Fish course

 How has lockdown broken you? I thought I was doing okay, ish. I was a bit down when it was announced, but since then I've been slogging on. Buying myself two advent calendars as well as Yay Advent gifts? A bit OTT but okay. The eye-twitch I've had for two days? Probably too much screen time. Being tired and grumpy? It's November! 

So it's a bit of a surprise to discover that my totally reasonable lockdown breakage is that I looked at a recipe that involves baked fish in mayonnaise, and thought "Why not?"

It's by Diana Henry, is my excuse. I do trust her. But still: baking mayonnaise. Honestly. 

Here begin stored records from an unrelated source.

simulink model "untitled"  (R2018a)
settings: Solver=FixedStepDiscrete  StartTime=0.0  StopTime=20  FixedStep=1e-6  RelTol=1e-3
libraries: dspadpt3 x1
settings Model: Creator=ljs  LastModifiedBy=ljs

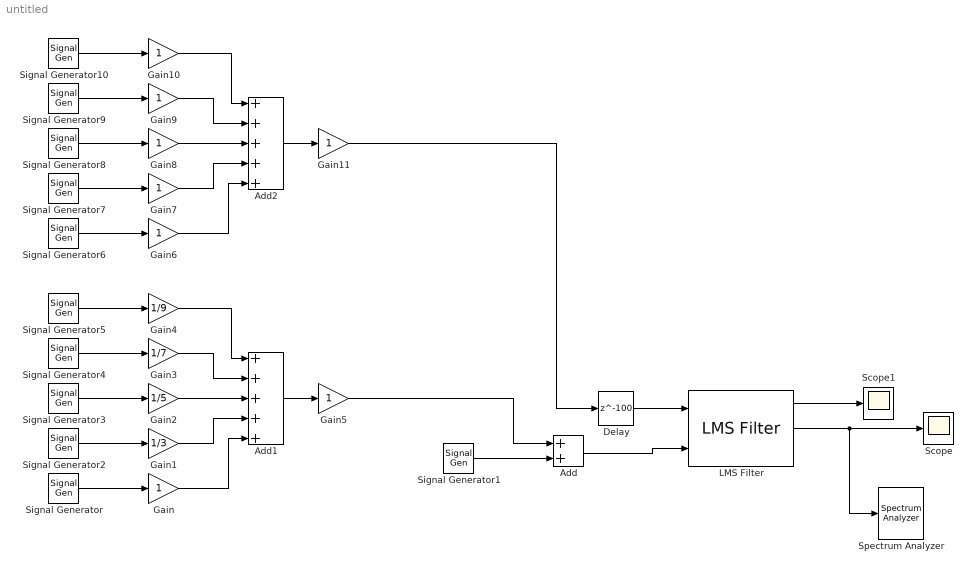
== system untitled ==
  Add : Sum
  Add1 : Sum  Inputs=5
  Add2 : Sum  Inputs=5
  Delay : Delay  DelayLength=100
  Gain{,5..11} (8 alike) : Gain
  Gain1 : Gain  Gain=1/3
  Gain2 : Gain  Gain=1/5
  Gain3 : Gain  Gain=1/7
  Gain4 : Gain  Gain=1/9
  LMS Filter : dspadpt3/LMS Filter  Algo=LMS  L=128*3  stepflag=Dialog  mu=0.00000001  leakage=1.0  ic=0  Adapt=off  resetflag=None  weights=on  secondCoeffMode=User-defined  secondCoeffWordLength=2  secondCoeffFracLength=15  accum2Mode=User-defined  accum2FracLength=20  prodOutput2Mode=User-defined  prodOutput2FracLength=20  prodOutput3Mode=User-defined  prodOutput3FracLength=20  prodOutput4Mode=User-defined  prodOutput4FracLength=20  quotientMode=User-defined  quotientFracLength=20  roundingMode=Floor  overflowMode=off  addnparflag=off
      settings: SourceProductName=DSP System Toolbox  SourceProductBaseCode=DS
  Scope : Scope
  Scope1 : Scope
  Signal Generator : SignalGenerator  Frequency=10e3
  Signal Generator1 : SignalGenerator  Frequency=30e3+10
  Signal Generator10 : SignalGenerator  Frequency=90e3
  Signal Generator2 : SignalGenerator  Frequency=30e3
  Signal Generator3 : SignalGenerator  Frequency=50e3
  Signal Generator4 : SignalGenerator  Frequency=70e3
  Signal Generator5 : SignalGenerator  Frequency=90e3
  Signal Generator6 : SignalGenerator  Frequency=10e3
  Signal Generator7 : SignalGenerator  Frequency=30e3
  Signal Generator8 : SignalGenerator  Frequency=50e3
  Signal Generator9 : SignalGenerator  Frequency=70e3
  Spectrum Analyzer : SpectrumAnalyzer
  wires:
  Add/1 -> LMS Filter/2
  Signal Generator1/1 -> Add/2
  Delay/1 -> LMS Filter/1
  LMS Filter/1 -> Scope1/1
  LMS Filter/2 -> Spectrum Analyzer/1, Scope/1
  Signal Generator5/1 -> Gain4/1
  Signal Generator4/1 -> Gain3/1
  Signal Generator3/1 -> Gain2/1
  Signal Generator2/1 -> Gain1/1
  Signal Generator/1 -> Gain/1
  Gain2/1 -> Add1/3
  Gain3/1 -> Add1/2
  Gain4/1 -> Add1/1
  Gain1/1 -> Add1/4
  Gain/1 -> Add1/5
  Add1/1 -> Gain5/1
  Gain5/1 -> Add/1
  Signal Generator7/1 -> Gain7/1
  Signal Generator9/1 -> Gain9/1
  Gain6/1 -> Add2/5
  Signal Generator6/1 -> Gain6/1
  Gain9/1 -> Add2/2
  Gain10/1 -> Add2/1
  Signal Generator8/1 -> Gain8/1
  Gain8/1 -> Add2/3
  Signal Generator10/1 -> Gain10/1
  Gain7/1 -> Add2/4
  Add2/1 -> Gain11/1
  Gain11/1 -> Delay/1

I followed this dubious decision up by missing a step in the recipe. It was the first step. It was "boil the potatoes". You might think that's quite an important step. You are right. 

I just about salvaged things. 

The basics are: some fried onions, with parsley and garlic. Hake fillets sprinkled with lemon juice. And sliced boiled potatoes, very briefly sauted to give them some colour. Layered up in a baking dish: raw fish, onions, spuds.

 

Then... lots and lots of mayo. Slathered. I was promised by DH that the dish was forgiving, and the mayo didn't need to be thick or even. It was neither.


But in the end, it did indeed work pretty well. Definitely golden.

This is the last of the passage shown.